Aucune des femmes venues à la recherche d'un bébé à allaiter,
lorsqu'elle apprenait qu'il était orphelin, ne voulait prendre le Messager
d'Allah, et ce parce que nous nous attendions à des actes de bienfaisance de la
part des pères. Toutes les femmes qui m'accompagnaient avait trouvé un
nourrisson sauf moi. Sur le point de repartir, je dis à mon mari : «Par Dieu!
Il m'est désagréable de rentrer sans nourrisson. Je vais prendre cet orphelin».
Il répondit : « Je n'y vois pas d'inconvénient. Il sera peut-être pour nous une
source de bénédiction ». Ainsi, j'allais le prendre, et en réalité, je faisais
cela parce que je n'avais pas trouvé d'autre que lui.
De retour au
campement, je le mis dans mon giron.
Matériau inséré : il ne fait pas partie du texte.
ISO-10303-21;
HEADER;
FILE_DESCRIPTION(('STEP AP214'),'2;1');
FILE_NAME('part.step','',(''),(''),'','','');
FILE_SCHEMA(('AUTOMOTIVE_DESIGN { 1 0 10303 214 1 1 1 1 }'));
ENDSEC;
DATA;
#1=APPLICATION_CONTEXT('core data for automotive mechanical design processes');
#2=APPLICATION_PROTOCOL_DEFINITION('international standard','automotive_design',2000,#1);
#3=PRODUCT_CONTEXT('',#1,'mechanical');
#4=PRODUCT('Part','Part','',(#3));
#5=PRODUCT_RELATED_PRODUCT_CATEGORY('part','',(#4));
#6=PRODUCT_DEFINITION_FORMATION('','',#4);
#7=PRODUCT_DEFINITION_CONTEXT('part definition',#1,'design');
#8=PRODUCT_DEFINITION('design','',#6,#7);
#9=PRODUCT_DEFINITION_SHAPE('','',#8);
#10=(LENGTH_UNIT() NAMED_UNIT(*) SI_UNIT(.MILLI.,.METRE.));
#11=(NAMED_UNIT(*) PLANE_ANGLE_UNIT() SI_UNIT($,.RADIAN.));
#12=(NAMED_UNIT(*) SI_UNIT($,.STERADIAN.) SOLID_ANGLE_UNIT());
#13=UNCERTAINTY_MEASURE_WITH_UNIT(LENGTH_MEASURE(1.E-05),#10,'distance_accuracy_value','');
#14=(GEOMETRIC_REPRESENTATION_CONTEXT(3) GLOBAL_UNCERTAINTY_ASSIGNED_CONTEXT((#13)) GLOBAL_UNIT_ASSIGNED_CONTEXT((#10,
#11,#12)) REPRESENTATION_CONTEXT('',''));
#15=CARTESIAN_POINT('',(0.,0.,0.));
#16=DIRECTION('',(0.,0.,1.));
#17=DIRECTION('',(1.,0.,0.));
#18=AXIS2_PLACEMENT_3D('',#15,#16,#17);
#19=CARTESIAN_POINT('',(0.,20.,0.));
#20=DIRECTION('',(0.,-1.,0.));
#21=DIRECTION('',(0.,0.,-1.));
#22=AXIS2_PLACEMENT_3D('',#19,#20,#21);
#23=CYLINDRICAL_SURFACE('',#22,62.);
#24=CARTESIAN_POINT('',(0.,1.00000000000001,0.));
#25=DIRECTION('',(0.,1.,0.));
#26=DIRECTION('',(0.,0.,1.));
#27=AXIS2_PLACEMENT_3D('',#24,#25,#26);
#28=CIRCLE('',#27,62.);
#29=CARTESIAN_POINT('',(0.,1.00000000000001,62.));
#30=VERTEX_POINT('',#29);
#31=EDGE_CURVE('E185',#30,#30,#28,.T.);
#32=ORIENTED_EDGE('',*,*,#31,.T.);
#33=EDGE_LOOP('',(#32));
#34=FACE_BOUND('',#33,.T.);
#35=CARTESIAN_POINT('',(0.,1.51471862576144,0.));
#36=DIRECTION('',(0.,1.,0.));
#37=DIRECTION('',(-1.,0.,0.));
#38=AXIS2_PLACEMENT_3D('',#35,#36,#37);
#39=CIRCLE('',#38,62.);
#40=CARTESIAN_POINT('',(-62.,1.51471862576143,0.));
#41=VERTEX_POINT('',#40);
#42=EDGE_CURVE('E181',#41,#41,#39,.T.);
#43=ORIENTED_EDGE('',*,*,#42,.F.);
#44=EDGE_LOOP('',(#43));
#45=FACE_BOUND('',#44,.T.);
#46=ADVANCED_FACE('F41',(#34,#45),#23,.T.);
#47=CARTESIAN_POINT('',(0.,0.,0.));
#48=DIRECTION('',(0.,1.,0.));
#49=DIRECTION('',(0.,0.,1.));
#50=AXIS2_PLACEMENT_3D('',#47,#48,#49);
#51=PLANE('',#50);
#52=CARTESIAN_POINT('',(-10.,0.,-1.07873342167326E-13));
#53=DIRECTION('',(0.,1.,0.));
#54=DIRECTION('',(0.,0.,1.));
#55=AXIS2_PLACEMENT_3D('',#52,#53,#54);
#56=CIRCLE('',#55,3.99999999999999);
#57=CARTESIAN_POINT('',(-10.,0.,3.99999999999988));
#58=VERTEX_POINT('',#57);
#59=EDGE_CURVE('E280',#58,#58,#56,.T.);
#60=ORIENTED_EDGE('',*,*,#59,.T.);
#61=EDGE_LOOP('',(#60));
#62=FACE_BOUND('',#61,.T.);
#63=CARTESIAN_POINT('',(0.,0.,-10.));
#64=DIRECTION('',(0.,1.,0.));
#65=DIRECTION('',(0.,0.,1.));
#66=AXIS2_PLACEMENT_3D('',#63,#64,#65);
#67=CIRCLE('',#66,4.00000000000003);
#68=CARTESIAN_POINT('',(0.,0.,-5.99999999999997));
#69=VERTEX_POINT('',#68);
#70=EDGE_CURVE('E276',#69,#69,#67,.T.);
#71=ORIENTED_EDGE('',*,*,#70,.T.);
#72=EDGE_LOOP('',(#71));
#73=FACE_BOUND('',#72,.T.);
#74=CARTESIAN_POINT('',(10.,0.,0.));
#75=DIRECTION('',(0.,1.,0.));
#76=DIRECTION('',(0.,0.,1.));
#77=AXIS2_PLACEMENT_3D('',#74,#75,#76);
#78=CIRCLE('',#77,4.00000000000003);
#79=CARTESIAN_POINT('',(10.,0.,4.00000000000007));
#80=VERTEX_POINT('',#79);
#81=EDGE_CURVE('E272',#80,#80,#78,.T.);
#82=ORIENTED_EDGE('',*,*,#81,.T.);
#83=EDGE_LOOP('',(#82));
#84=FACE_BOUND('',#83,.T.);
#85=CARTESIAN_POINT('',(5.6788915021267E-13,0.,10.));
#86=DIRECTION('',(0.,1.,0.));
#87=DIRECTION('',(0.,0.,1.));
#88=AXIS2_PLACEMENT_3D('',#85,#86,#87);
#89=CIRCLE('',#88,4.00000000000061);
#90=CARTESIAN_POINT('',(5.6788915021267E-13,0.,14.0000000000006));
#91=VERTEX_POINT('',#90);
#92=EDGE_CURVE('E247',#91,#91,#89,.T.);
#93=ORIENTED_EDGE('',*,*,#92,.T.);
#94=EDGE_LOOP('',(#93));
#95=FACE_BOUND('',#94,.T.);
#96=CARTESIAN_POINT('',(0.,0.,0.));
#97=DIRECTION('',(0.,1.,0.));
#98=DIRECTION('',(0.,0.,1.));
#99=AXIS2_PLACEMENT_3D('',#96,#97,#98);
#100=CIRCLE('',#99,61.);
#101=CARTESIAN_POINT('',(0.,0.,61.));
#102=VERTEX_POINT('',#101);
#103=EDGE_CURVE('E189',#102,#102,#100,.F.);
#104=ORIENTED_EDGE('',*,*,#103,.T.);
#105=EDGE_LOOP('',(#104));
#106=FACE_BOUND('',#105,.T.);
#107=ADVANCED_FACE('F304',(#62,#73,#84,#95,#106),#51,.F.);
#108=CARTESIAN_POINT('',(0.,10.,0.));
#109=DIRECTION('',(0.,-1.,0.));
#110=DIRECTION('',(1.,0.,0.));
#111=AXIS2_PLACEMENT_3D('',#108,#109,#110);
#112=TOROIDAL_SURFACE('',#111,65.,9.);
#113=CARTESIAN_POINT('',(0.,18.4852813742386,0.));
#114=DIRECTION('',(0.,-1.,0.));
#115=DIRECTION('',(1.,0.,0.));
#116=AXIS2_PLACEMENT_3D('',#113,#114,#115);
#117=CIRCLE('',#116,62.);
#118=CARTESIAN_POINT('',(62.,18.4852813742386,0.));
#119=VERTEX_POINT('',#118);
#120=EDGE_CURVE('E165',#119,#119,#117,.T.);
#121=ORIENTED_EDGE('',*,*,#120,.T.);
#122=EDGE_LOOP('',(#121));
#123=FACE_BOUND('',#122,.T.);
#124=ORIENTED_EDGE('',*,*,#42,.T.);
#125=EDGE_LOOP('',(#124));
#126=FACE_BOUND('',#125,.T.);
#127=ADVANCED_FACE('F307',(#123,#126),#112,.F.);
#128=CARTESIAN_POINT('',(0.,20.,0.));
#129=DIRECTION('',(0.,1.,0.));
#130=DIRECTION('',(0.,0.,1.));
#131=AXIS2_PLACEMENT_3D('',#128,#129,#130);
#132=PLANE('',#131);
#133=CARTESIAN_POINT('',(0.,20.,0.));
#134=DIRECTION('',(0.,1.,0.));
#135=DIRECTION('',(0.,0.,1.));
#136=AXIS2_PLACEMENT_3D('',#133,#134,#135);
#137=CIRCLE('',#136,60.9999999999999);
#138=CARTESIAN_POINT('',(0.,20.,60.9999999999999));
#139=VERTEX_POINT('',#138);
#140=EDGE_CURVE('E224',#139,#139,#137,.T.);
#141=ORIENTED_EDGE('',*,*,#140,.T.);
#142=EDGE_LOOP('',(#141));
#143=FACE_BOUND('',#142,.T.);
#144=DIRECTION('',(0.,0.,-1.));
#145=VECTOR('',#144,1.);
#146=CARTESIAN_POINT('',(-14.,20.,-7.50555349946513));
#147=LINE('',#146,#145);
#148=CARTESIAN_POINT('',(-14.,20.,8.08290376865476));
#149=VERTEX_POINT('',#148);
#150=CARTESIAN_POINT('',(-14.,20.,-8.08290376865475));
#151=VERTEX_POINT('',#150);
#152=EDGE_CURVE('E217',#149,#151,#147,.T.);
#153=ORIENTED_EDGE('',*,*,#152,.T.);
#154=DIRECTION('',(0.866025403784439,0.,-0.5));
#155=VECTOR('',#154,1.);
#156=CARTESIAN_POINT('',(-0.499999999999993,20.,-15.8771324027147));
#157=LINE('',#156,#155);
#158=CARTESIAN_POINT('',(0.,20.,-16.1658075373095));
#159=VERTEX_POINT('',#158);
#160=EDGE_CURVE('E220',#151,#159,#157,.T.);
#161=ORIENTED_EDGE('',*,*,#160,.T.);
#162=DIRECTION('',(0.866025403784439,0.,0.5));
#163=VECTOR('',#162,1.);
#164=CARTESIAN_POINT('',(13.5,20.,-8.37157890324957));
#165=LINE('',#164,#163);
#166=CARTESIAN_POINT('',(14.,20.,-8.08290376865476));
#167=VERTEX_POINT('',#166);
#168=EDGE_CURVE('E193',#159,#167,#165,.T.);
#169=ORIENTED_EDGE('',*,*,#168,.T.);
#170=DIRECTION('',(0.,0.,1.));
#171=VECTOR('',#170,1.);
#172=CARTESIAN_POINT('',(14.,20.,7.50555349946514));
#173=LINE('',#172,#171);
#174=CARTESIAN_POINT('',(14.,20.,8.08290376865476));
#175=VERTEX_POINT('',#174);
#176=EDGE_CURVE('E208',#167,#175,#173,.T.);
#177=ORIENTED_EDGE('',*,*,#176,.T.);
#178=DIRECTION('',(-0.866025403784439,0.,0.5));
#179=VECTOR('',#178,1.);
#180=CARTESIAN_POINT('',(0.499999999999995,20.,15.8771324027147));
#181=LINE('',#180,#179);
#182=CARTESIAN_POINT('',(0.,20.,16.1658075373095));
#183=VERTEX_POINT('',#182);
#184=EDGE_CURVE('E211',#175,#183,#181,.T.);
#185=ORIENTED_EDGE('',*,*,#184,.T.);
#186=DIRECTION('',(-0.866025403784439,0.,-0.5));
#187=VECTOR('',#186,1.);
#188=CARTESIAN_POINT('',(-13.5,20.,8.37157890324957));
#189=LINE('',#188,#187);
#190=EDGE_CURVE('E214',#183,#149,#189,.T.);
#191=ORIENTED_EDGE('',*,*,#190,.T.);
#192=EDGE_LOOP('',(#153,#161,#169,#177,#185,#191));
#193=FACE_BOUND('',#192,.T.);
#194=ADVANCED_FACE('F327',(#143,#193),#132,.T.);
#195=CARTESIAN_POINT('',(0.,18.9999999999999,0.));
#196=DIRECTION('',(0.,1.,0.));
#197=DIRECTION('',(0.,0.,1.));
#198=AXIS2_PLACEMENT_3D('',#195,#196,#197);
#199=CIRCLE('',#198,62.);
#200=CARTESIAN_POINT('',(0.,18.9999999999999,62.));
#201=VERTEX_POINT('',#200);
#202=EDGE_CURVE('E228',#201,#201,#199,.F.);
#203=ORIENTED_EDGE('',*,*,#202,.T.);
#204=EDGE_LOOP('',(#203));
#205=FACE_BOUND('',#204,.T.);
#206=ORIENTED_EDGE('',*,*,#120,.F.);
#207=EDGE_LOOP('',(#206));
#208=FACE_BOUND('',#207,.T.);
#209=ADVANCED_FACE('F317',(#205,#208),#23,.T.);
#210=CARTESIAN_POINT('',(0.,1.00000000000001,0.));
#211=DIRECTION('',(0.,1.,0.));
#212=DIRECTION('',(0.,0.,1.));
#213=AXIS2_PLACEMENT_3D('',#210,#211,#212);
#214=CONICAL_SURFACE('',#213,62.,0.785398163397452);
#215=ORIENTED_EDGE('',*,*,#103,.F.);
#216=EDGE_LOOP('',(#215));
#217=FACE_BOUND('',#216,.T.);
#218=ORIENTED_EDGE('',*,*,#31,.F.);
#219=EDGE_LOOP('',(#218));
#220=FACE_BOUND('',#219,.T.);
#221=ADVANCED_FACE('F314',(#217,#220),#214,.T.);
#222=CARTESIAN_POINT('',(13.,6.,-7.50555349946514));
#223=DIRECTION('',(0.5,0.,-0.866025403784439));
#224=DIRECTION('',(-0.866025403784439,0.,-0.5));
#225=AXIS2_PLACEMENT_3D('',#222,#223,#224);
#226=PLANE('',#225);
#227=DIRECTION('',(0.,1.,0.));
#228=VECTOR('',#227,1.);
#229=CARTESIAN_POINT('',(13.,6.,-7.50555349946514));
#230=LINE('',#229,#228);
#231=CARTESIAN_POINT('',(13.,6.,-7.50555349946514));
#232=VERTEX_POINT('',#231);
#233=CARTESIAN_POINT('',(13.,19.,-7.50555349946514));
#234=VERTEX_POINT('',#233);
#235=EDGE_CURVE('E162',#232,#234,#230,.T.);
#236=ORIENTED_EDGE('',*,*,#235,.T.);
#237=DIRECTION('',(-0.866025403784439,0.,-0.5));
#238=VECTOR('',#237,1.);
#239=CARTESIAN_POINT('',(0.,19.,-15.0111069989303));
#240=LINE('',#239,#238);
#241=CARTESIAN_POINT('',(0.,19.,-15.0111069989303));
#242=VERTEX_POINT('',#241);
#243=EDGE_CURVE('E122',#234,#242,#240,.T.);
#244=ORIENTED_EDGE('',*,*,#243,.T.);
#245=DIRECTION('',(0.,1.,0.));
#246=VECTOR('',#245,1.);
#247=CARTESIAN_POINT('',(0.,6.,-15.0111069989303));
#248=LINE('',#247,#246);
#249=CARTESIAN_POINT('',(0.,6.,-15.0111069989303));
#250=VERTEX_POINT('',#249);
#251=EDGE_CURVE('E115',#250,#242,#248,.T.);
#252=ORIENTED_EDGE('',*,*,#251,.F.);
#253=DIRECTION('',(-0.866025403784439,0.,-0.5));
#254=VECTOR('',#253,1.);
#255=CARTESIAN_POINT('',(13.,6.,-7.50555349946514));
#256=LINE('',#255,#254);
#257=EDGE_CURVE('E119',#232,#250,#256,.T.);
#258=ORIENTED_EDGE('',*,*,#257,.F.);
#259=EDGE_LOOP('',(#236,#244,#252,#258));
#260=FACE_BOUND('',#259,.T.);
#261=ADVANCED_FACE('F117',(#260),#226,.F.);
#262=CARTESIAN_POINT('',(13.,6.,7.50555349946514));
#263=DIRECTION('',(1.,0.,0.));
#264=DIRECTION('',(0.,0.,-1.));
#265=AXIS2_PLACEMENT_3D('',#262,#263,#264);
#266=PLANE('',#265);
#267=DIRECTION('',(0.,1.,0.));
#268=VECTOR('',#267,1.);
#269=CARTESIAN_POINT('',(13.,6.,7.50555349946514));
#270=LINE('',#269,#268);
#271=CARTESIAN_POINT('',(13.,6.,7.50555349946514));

Mes seins se remplirent de lait. Il téta à
satiété et s'endormit. Son frère (de lait) téta aussi et trouva le sommeil. Mon
mari alla surveiller la chamelle et trouva que ces mamelles étaient gonflées de
lait. Il se mit à la traire. Nous bûmes à notre aise et passâmes une nuit
tranquille. Au matin mon mari me dit : « Tu sais Halima, ce petit que tu as pris
est béni. – Je le souhaite bien, répondis-je ».
Nous partîmes. Je
montais sur l'ânesse avec le nourrisson. Elle était si active qu'elle dépassait
tous les autres ânes. Etonnées, mes compagnes dirent : « Fille d'Abou Thouwayb !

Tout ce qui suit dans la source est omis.